Read the records below. Copy each line where the string "Attitude" occurs.

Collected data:
= Beginning of Section =

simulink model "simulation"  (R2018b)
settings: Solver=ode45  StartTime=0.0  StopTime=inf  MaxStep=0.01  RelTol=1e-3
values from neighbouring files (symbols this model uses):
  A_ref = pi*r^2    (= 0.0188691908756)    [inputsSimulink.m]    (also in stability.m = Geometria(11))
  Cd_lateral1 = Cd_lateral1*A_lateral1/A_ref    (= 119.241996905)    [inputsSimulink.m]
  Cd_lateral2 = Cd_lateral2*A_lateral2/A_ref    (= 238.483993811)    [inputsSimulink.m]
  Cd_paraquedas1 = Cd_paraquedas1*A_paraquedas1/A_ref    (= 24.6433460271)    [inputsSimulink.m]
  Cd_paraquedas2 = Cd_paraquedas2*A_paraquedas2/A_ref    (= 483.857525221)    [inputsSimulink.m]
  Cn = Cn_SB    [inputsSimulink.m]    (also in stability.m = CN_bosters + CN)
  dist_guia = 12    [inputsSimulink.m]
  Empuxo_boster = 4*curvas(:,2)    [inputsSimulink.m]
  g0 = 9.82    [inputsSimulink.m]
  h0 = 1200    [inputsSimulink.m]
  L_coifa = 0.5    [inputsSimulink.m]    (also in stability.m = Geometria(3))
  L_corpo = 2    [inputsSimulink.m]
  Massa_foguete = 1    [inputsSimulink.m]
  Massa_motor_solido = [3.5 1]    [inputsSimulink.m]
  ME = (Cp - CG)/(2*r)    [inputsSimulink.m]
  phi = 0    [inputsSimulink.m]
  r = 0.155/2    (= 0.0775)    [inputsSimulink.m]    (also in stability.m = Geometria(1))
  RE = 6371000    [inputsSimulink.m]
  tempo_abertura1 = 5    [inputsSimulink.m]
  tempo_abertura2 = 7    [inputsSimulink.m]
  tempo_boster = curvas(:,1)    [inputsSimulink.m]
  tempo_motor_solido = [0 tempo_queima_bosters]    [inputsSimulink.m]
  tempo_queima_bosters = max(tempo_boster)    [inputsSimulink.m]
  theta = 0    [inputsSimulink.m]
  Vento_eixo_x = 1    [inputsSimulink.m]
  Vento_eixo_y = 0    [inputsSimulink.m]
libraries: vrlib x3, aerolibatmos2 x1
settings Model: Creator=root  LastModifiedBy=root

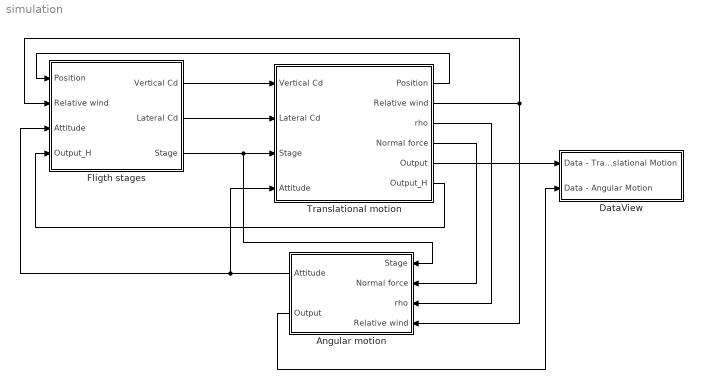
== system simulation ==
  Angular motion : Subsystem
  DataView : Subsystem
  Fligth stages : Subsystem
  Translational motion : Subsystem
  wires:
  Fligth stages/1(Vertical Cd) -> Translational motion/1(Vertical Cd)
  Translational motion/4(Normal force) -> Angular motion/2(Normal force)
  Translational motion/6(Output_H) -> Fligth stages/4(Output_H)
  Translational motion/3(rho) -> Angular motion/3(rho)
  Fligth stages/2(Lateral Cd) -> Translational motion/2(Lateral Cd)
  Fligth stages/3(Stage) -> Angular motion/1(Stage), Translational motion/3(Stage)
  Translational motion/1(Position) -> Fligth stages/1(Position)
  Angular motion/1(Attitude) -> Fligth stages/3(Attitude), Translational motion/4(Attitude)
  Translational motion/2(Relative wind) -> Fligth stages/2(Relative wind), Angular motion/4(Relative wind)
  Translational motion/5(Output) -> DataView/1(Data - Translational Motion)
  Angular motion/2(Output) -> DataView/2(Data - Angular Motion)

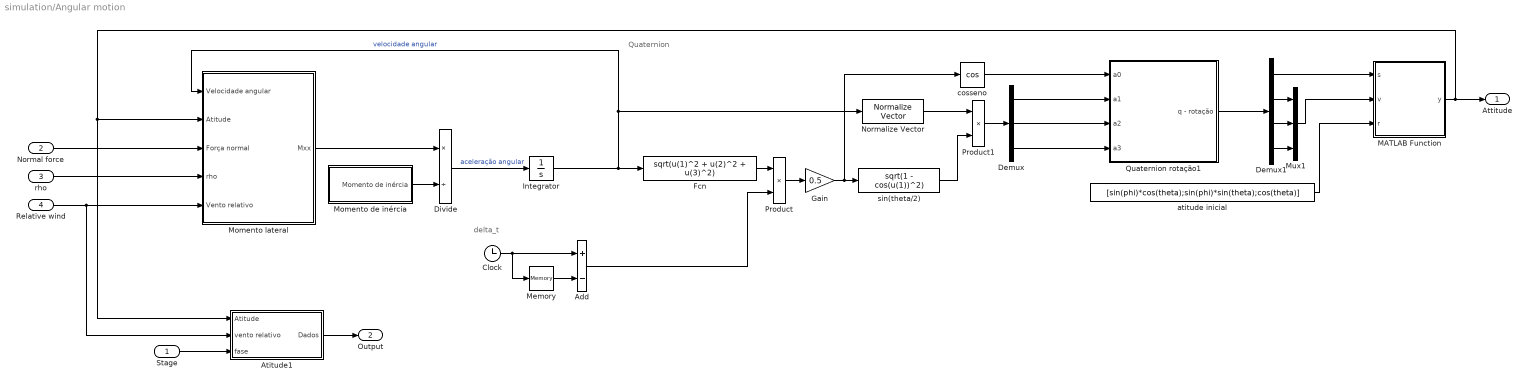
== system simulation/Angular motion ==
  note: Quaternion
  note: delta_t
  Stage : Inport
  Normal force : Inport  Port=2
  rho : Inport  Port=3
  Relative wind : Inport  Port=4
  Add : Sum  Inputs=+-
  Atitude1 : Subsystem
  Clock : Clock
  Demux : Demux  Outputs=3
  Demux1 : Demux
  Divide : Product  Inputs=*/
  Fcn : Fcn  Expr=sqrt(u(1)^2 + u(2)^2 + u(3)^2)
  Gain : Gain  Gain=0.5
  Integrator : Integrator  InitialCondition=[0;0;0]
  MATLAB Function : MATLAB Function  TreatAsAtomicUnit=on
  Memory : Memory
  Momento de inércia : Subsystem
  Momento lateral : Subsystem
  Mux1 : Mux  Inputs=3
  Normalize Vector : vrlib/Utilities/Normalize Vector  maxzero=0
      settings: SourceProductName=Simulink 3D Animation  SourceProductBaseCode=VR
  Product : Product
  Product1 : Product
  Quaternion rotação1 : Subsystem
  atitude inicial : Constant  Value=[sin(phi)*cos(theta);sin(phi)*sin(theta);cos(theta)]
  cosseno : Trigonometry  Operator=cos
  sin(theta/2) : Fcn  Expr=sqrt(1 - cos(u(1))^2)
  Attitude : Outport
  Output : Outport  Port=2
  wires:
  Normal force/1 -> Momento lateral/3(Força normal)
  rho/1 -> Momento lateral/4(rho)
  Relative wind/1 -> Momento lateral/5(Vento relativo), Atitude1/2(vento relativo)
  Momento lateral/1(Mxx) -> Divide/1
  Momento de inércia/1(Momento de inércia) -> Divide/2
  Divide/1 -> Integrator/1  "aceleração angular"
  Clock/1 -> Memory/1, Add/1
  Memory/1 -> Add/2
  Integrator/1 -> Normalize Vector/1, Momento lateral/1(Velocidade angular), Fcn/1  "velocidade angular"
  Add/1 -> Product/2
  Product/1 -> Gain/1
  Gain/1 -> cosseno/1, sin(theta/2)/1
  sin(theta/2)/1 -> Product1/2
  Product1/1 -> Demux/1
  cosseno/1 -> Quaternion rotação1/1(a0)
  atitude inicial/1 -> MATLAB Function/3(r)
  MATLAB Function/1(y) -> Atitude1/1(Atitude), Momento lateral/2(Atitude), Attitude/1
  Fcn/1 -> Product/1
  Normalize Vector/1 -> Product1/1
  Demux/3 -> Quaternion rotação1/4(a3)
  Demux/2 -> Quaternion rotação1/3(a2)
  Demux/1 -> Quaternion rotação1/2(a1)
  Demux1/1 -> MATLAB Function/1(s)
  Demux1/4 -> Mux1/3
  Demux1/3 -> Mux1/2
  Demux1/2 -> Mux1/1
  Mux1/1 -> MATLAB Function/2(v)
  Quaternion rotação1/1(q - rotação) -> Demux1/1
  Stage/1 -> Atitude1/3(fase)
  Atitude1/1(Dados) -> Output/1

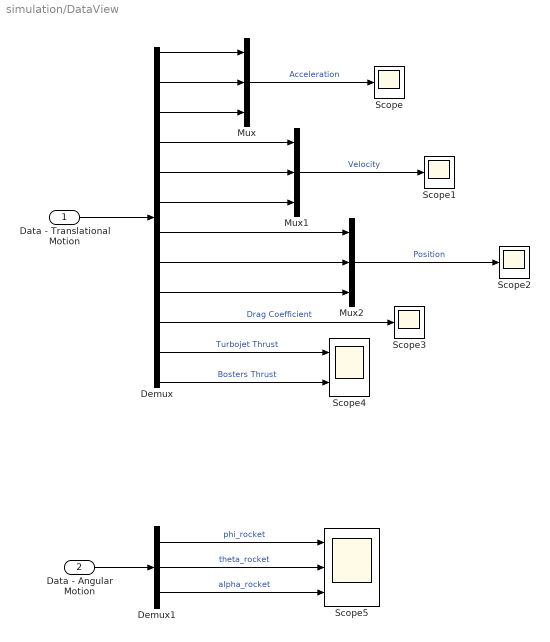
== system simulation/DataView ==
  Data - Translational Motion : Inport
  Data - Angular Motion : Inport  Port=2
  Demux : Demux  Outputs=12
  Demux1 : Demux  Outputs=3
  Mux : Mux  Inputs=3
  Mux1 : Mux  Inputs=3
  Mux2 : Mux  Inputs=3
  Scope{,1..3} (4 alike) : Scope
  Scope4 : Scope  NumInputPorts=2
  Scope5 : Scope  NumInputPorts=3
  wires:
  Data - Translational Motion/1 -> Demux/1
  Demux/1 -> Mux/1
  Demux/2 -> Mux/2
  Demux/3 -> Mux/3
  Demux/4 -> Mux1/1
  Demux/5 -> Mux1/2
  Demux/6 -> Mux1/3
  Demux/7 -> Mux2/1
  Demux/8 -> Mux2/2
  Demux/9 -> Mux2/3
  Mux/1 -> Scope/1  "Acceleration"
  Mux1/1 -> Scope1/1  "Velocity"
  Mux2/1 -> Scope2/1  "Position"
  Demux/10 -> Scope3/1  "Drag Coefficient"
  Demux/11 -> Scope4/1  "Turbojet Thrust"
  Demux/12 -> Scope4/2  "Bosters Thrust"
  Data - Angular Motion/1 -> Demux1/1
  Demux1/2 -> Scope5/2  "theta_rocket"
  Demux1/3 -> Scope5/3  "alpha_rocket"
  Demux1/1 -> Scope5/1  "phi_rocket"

= End of Section =

FINISHED TASK:
  Angular motion/1(Attitude) -> Fligth stages/3(Attitude), Translational motion/4(Attitude)
  Attitude : Outport
  MATLAB Function/1(y) -> Atitude1/1(Atitude), Momento lateral/2(Atitude), Attitude/1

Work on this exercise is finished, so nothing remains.